# 2002 Trailblazer Fuel Pump



## Jay Nance (Jun 21, 2010)

Help!! I helped a friend of mine replace a fuel pump on a 2002 trailblazer. The pump was refurbished and after about 7 months (1 month after the warranty ran out), the vehicle broke down and had to be towed. The gentleman doing the towing apparently had a tester of some type and said that the fuel pump was gone. We would like to make sure before we go through the expense and the trouble of replacing it again. I hear these vehicles have a history of fuel pumps going bad. I have also noticed forums mentioning the fuel pump relay. Could this be the problem?? Should we look at anything else before we purchase and replace the pump. Thanks


----------



## kjms1 (Jun 4, 2010)

yes lets start but checking the fuse's


----------



## wolfen1086 (Oct 4, 2007)

Fuel pump relay and horn relay are the same thing, first switch them, if the horn blows, its not the relay swap them back and check the connectors to see if they are connected, also check the fuse, if everything else is good check the voltage in the wires going to the fuel pump, if you have voltage, replace the pump.


----------



## jaggerwild (May 21, 2007)

Jay Nance said:


> Help!! I helped a friend of mine replace a fuel pump on a 2002 trailblazer. The pump was refurbished and after about 7 months (1 month after the warranty ran out), the vehicle broke down and had to be towed. The gentleman doing the towing apparently had a tester of some type and said that the fuel pump was gone. We would like to make sure before we go through the expense and the trouble of replacing it again. I hear these vehicles have a history of fuel pumps going bad. I have also noticed forums mentioning the fuel pump relay. Could this be the problem?? Should we look at anything else before we purchase and replace the pump. Thanks


 You can wrap on the tank with a rubber mallet if it starts up and runs then you know its a bad unit.


----------



## pat mcgroin (May 1, 2009)

Sadly GM fuel pumps are notorious for failure after replacement.

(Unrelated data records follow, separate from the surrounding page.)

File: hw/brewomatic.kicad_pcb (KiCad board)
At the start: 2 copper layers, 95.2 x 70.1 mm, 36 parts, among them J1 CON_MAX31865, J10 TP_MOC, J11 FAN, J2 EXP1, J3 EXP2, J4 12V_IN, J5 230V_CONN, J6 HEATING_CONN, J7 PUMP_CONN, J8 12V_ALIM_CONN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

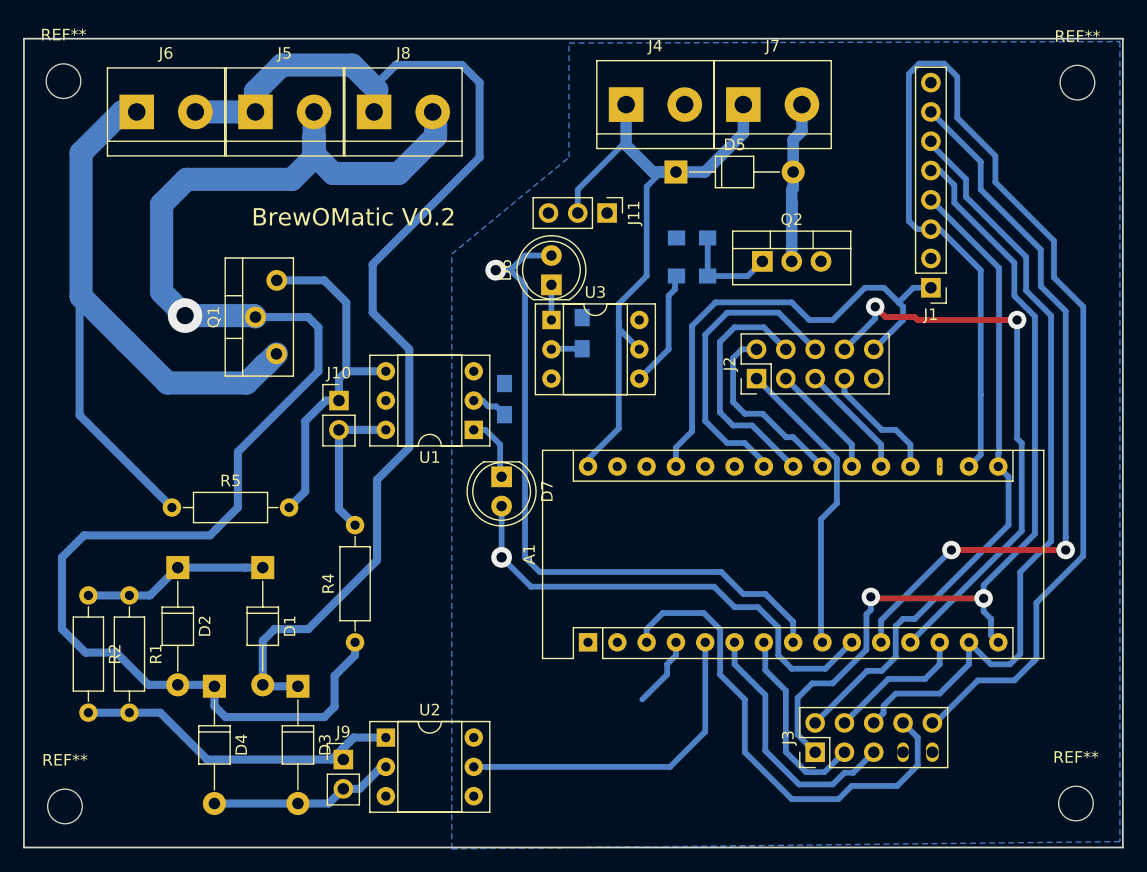
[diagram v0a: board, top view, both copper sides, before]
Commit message: hw: Add testpoints for various input/output
This is helpful to plug logic analyzer on them
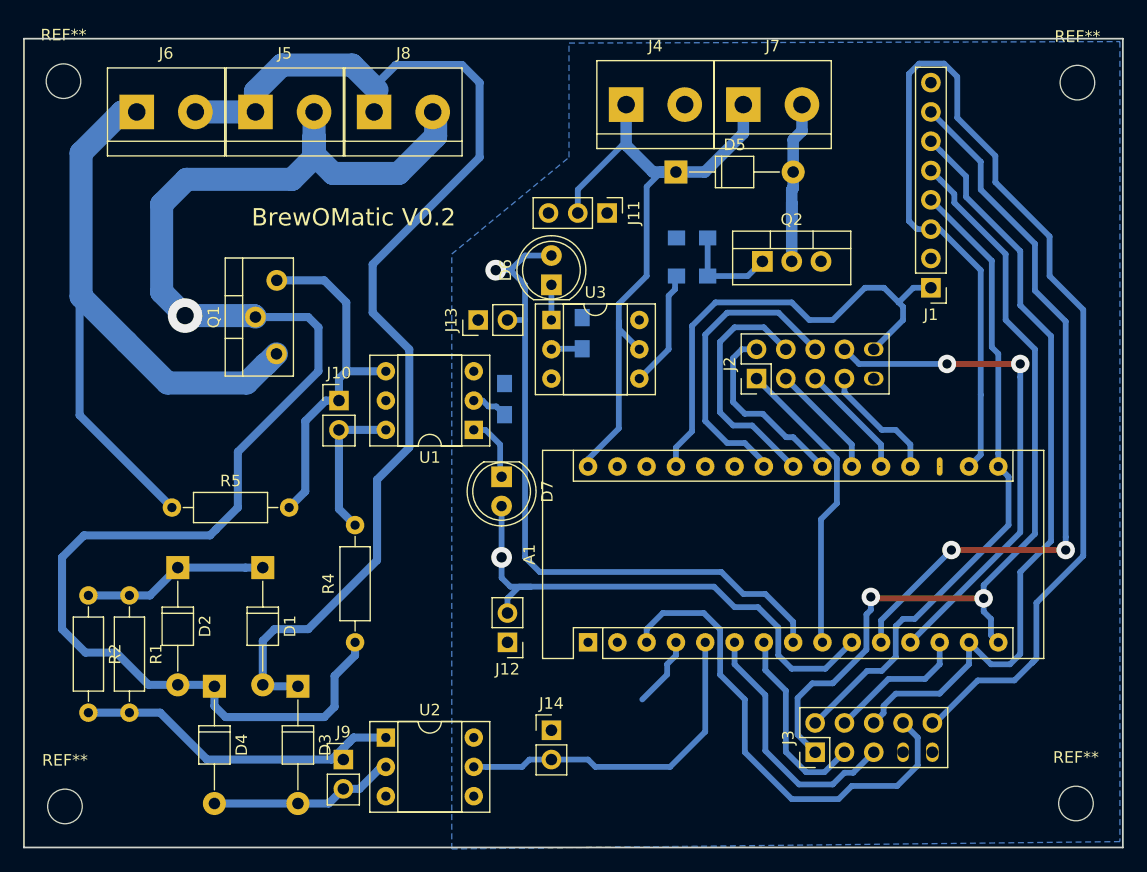
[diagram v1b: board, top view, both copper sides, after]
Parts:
- added J12: TP_TRIAC, Pin_Headers:Pin_Header_Straight_1x02_Pitch2.54mm, F.Cu at (158.8, 139.7)
- added J13: TP_PUMP_CTRL, Pin_Headers:Pin_Header_Straight_1x02_Pitch2.54mm, F.Cu at (156.2, 111.8)
- added J14: TP_ZERO_CROSS, Pin_Headers:Pin_Header_Straight_1x02_Pitch2.54mm, F.Cu at (162.6, 147.3)
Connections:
- J1 pad 2: Net-(J1-Pad2) -> GND
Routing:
- net /LCD7: track 49.7 -> 43.8 mm
- net /TRIAC_CTRL: track 41.2 -> 45.9 mm
- net /PUMP_CTRL: track 58.1 -> 59.6 mm
- net /ZERO_CROSS_INT: track 29.1 -> 29.6 mm

it is very important to buy a quality replacement pump.
It is more expensive but worth the cost.

Also as a rule try not to run with less than a half tank of fuel if possible.
It is the fuel in the tank that provides the cooling for the pump, and heat is the biggest cause of failure in the plastic parts that are the pump.

A fun easy thing to do if you replace the pump is to bend the float arm up slightly so that you will always have just a bit more fuel than is indicated.
Good for the pump and could save some time on the shoe leather at some point as well.


----------



## wolfen1086 (Oct 4, 2007)

pat mcgroin said:


> Sadly GM fuel pumps are notorious for failure after replacement.
> 
> it is very important to buy a quality replacement pump.
> It is more expensive but worth the cost.
> ...


Yep, I used a GM fuel pump once.......only once....since then I have always used after market electric fuel pumps.


----------